━━ Source material

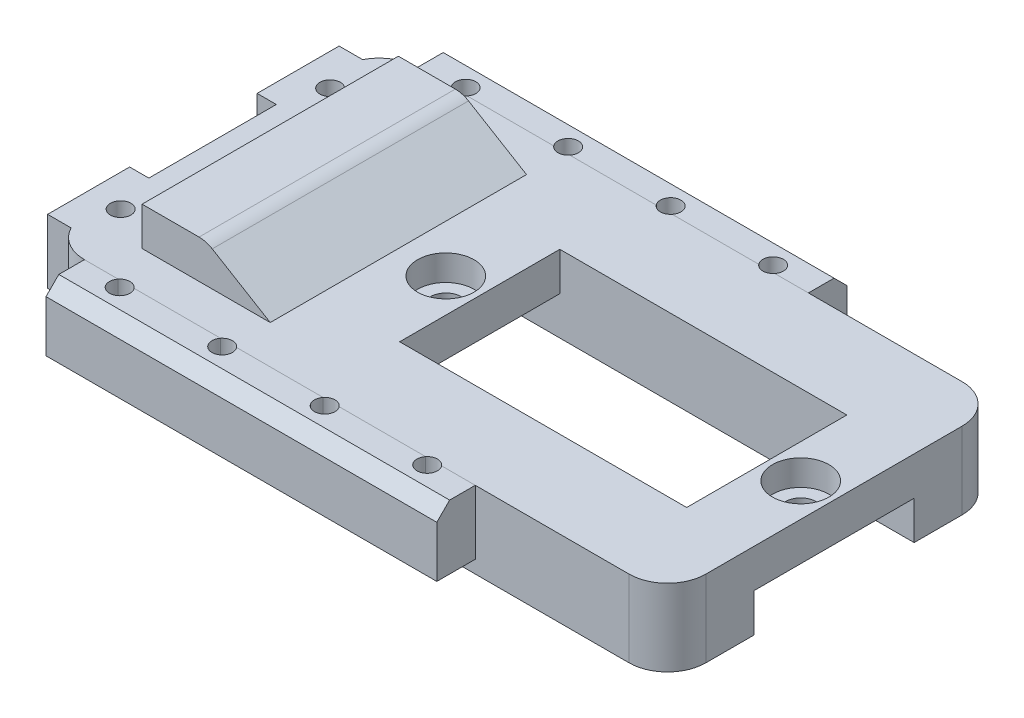
from build123d import *

# Parameters (mm, degrees)
SKETCH_1_W                   = 48.5
SKETCH_1_H                   = 26
EXTRUDE_1_DEPTH              = 6
SKETCH_2_W                   = 22.4
SKETCH_2_H                   = 12.5
CUT_EXTRUDE_1_DEPTH          = 6.7
CUT_EXTRUDE_2_DEPTH          = 3
HOLE_WIZARD_M2_1_D           = 2.4
HOLE_WIZARD_M2_1_CBORE_D     = 4.4
HOLE_WIZARD_M2_1_CBORE_DEPTH = 2
SKETCH_6_W                   = 10
SKETCH_6_H                   = 20
EXTRUDE_2_DEPTH              = 3
CUT_EXTRUDE_3_DEPTH          = 35.61303945
FILLET_2_R                   = 2
FILLET_3_R                   = 3
SKETCH_8_W                   = 30.5
SKETCH_8_H                   = 3
EXTRUDE_3_DEPTH              = 5
EXTRUDE_3_2_DEPTH            = 5
M2X0_4_1_DEPTH               = 6
CHAMFER_1_SIZE               = 1
CHAMFER_3_SIZE               = 1
EXTRUDE_5_DEPTH              = 5
M2X0_4_3_OUTLINE_R           = 0.8
M2X0_4_3_DEPTH               = 6


# Read off the part's stored shape, not the designer's step: M2x0.4 螺纹孔1, M2x0.4 螺纹孔3
with BuildPart() as part:
    # 草图1 → 凸台-拉伸1 (new body)
    with BuildSketch(Plane(origin=(0, 0, 0), x_dir=(1, 0, 0), z_dir=(0, 1, 0))):
        Rectangle(SKETCH_1_W, SKETCH_1_H)
    extrude(amount=EXTRUDE_1_DEPTH)

    # 草图2 → 切除-拉伸1 (cut)
    with BuildSketch(Plane.XZ):
        with Locations((7.8, 0)):
            Rectangle(SKETCH_2_W, SKETCH_2_H)
    extrude(amount=-CUT_EXTRUDE_1_DEPTH, mode=Mode.SUBTRACT)

    # 草图3 → 切除-拉伸2 (cut)
    with BuildSketch(Plane.XZ):
        Polygon((19, -6.25), (-3.4, -6.25), (-8.1, -6.25), (-8.1, 6.25), (-3.4, 6.25), (19, 6.25), (23.7, 6.25), (24.25, 6.25), (24.25, -6.25), (23.7, -6.25), align=None)
    extrude(amount=-CUT_EXTRUDE_2_DEPTH, mode=Mode.SUBTRACT)

    # M2 凹头盖螺钉的柱形沉头孔1 (through all)
    with Locations(Plane(origin=(-6.05, 6, 0), x_dir=(0, 0, 1), z_dir=(0, 1, 0))):
        with Locations((0, 0), (0, 27.7)):
            CounterBoreHole(HOLE_WIZARD_M2_1_D / 2, HOLE_WIZARD_M2_1_CBORE_D / 2, HOLE_WIZARD_M2_1_CBORE_DEPTH)

    # 草图6 → 凸台-拉伸2 (add)
    with BuildSketch(Plane(origin=(0, 6, 0), x_dir=(1, 0, 0), z_dir=(0, 1, 0))):
        with Locations((-14.75, 0)):
            Rectangle(SKETCH_6_W, SKETCH_6_H)
    extrude(amount=EXTRUDE_2_DEPTH)

    # 草图7 → 切除-拉伸3 (cut, through all)
    with BuildSketch(Plane.XY.offset(10)):
        Polygon((-9.75, 6), (-14.75, 9), (-9.75, 9), align=None)
    extrude(amount=-CUT_EXTRUDE_3_DEPTH, mode=Mode.SUBTRACT)

    # 圆角2
    fillet_2_edges = [part.edges().sort_by_distance(p)[0] for p in [
        (-14.75, 9, 0),
    ]]
    fillet(fillet_2_edges, radius=FILLET_2_R)

    # 圆角3
    fillet_3_edges = [part.edges().sort_by_distance(p)[0] for p in [
        (24.25, 3, 13),
        (-24.25, 3, 13),
        (-24.25, 3, -13),
        (24.25, 3, -13),
    ]]
    fillet(fillet_3_edges, radius=FILLET_3_R)


with BuildPart() as body_2:
    # 草图8 → 凸台-拉伸3 (new body)
    with BuildSketch(Plane(origin=(0, 6, 0), x_dir=(1, 0, 0), z_dir=(0, 1, 0))):
        with Locations((-6, -14.5)):
            Rectangle(SKETCH_8_W, SKETCH_8_H)
    extrude(amount=-EXTRUDE_3_DEPTH)


with BuildPart() as body_3:
    # 草图8 → Extrude 3 2 (new body)
    with BuildSketch(Plane(origin=(0, 6, 0), x_dir=(1, 0, 0), z_dir=(0, 1, 0))):
        with Locations((-6, 14.5)):
            Rectangle(SKETCH_8_W, SKETCH_8_H)
    extrude(amount=-EXTRUDE_3_2_DEPTH)


with BuildPart() as m2x0_4_1_tool:
    # M2x0.4 螺纹孔1 outline → M2x0.4 螺纹孔1 (new body)
    with BuildSketch(Plane(origin=(0, 0, 0), x_dir=(1, 0, 0), z_dir=(0, 1, 0))):
        with BuildLine():
            ThreePointArc((6.6244998, 13), (6, 14.3), (5.3755002, 13))
            ThreePointArc((5.3755002, 13), (6, 12.7), (6.6244998, 13))
        make_face()
        with BuildLine():
            ThreePointArc((-18.6244998, 13), (-18, 12.7), (-17.3755002, 13))
            ThreePointArc((-17.3755002, 13), (-18, 14.3), (-18.6244998, 13))
        make_face()
        with BuildLine():
            ThreePointArc((-10.6244998, 13), (-10, 12.7), (-9.3755002, 13))
            ThreePointArc((-9.3755002, 13), (-10, 14.3), (-10.6244998, 13))
        make_face()
        with BuildLine():
            ThreePointArc((-2.6244998, 13), (-2, 12.7), (-1.3755002, 13))
            ThreePointArc((-1.3755002, 13), (-2, 14.3), (-2.6244998, 13))
        make_face()
        with BuildLine():
            ThreePointArc((-18.6244998, -13), (-18, -14.3), (-17.3755002, -13))
            ThreePointArc((-17.3755002, -13), (-18, -12.7), (-18.6244998, -13))
        make_face()
        with BuildLine():
            ThreePointArc((6.6244998, -13), (6, -12.7), (5.3755002, -13))
            ThreePointArc((5.3755002, -13), (6, -14.3), (6.6244998, -13))
        make_face()
        with BuildLine():
            ThreePointArc((-1.3755002, -13), (-2, -12.7), (-2.6244998, -13))
            ThreePointArc((-2.6244998, -13), (-2, -14.3), (-1.3755002, -13))
        make_face()
        with BuildLine():
            ThreePointArc((-9.3755002, -13), (-10, -12.7), (-10.6244998, -13))
            ThreePointArc((-10.6244998, -13), (-10, -14.3), (-9.3755002, -13))
        make_face()
    extrude(amount=M2X0_4_1_DEPTH)


with BuildPart() as part_1:
    add(part.part)

    # M2x0.4 螺纹孔1: cut by m2x0_4_1_tool
    add(m2x0_4_1_tool.part, mode=Mode.SUBTRACT)

    # 草图17 → 凸台-拉伸5 (add)
    with BuildSketch(Plane(origin=(0, 6, 0), x_dir=(1, 0, 0), z_dir=(0, 1, 0))):
        Polygon((-23.977178029, 11.375), (-23.894080215, 11.375), (-24.25, 10), (-24.25, 4.975), (-25.75, 4.975), (-25.75, 11.375), align=None)
        Polygon((-25.75, -4.975), (-24.25, -4.975), (-24.25, -10), (-23.853349066, -11.375), (-23.977178029, -11.375), (-25.75, -11.375), align=None)
    extrude(amount=-EXTRUDE_5_DEPTH)

    # M2x0.4 螺纹孔3 outline → M2x0.4 螺纹孔3 (cut)
    with BuildSketch(Plane(origin=(0, 0, 0), x_dir=(1, 0, 0), z_dir=(0, 1, 0))):
        with Locations((-23.25, -8.175)):
            Circle(M2X0_4_3_OUTLINE_R)
        with Locations((-23.25, 8.175)):
            Circle(M2X0_4_3_OUTLINE_R)
    extrude(amount=M2X0_4_3_DEPTH, mode=Mode.SUBTRACT)


with BuildPart() as body_2_1:
    add(body_2.part)

    # M2x0.4 螺纹孔1: cut by m2x0_4_1_tool
    add(m2x0_4_1_tool.part, mode=Mode.SUBTRACT)

    # 倒角1
    chamfer_1_edges = [body_2_1.edges().sort_by_distance(p)[0] for p in [
        (-6, 6, 16),
    ]]
    chamfer(chamfer_1_edges, length=CHAMFER_1_SIZE)


with BuildPart() as body_3_1:
    add(body_3.part)

    # M2x0.4 螺纹孔1: cut by m2x0_4_1_tool
    add(m2x0_4_1_tool.part, mode=Mode.SUBTRACT)

    # 倒角3
    chamfer_3_edges = [body_3_1.edges().sort_by_distance(p)[0] for p in [
        (-6, 6, -16),
    ]]
    chamfer(chamfer_3_edges, length=CHAMFER_3_SIZE)


solid = Compound([part_1.part, body_2_1.part, body_3_1.part])

━━━━

▶ [What you need to do]: All lines in the records that contain "None" are to be copied and returned.

▶ [Exercise response]:
        Polygon((19, -6.25), (-3.4, -6.25), (-8.1, -6.25), (-8.1, 6.25), (-3.4, 6.25), (19, 6.25), (23.7, 6.25), (24.25, 6.25), (24.25, -6.25), (23.7, -6.25), align=None)
        Polygon((-9.75, 6), (-14.75, 9), (-9.75, 9), align=None)
        Polygon((-23.977178029, 11.375), (-23.894080215, 11.375), (-24.25, 10), (-24.25, 4.975), (-25.75, 4.975), (-25.75, 11.375), align=None)
        Polygon((-25.75, -4.975), (-24.25, -4.975), (-24.25, -10), (-23.853349066, -11.375), (-23.977178029, -11.375), (-25.75, -11.375), align=None)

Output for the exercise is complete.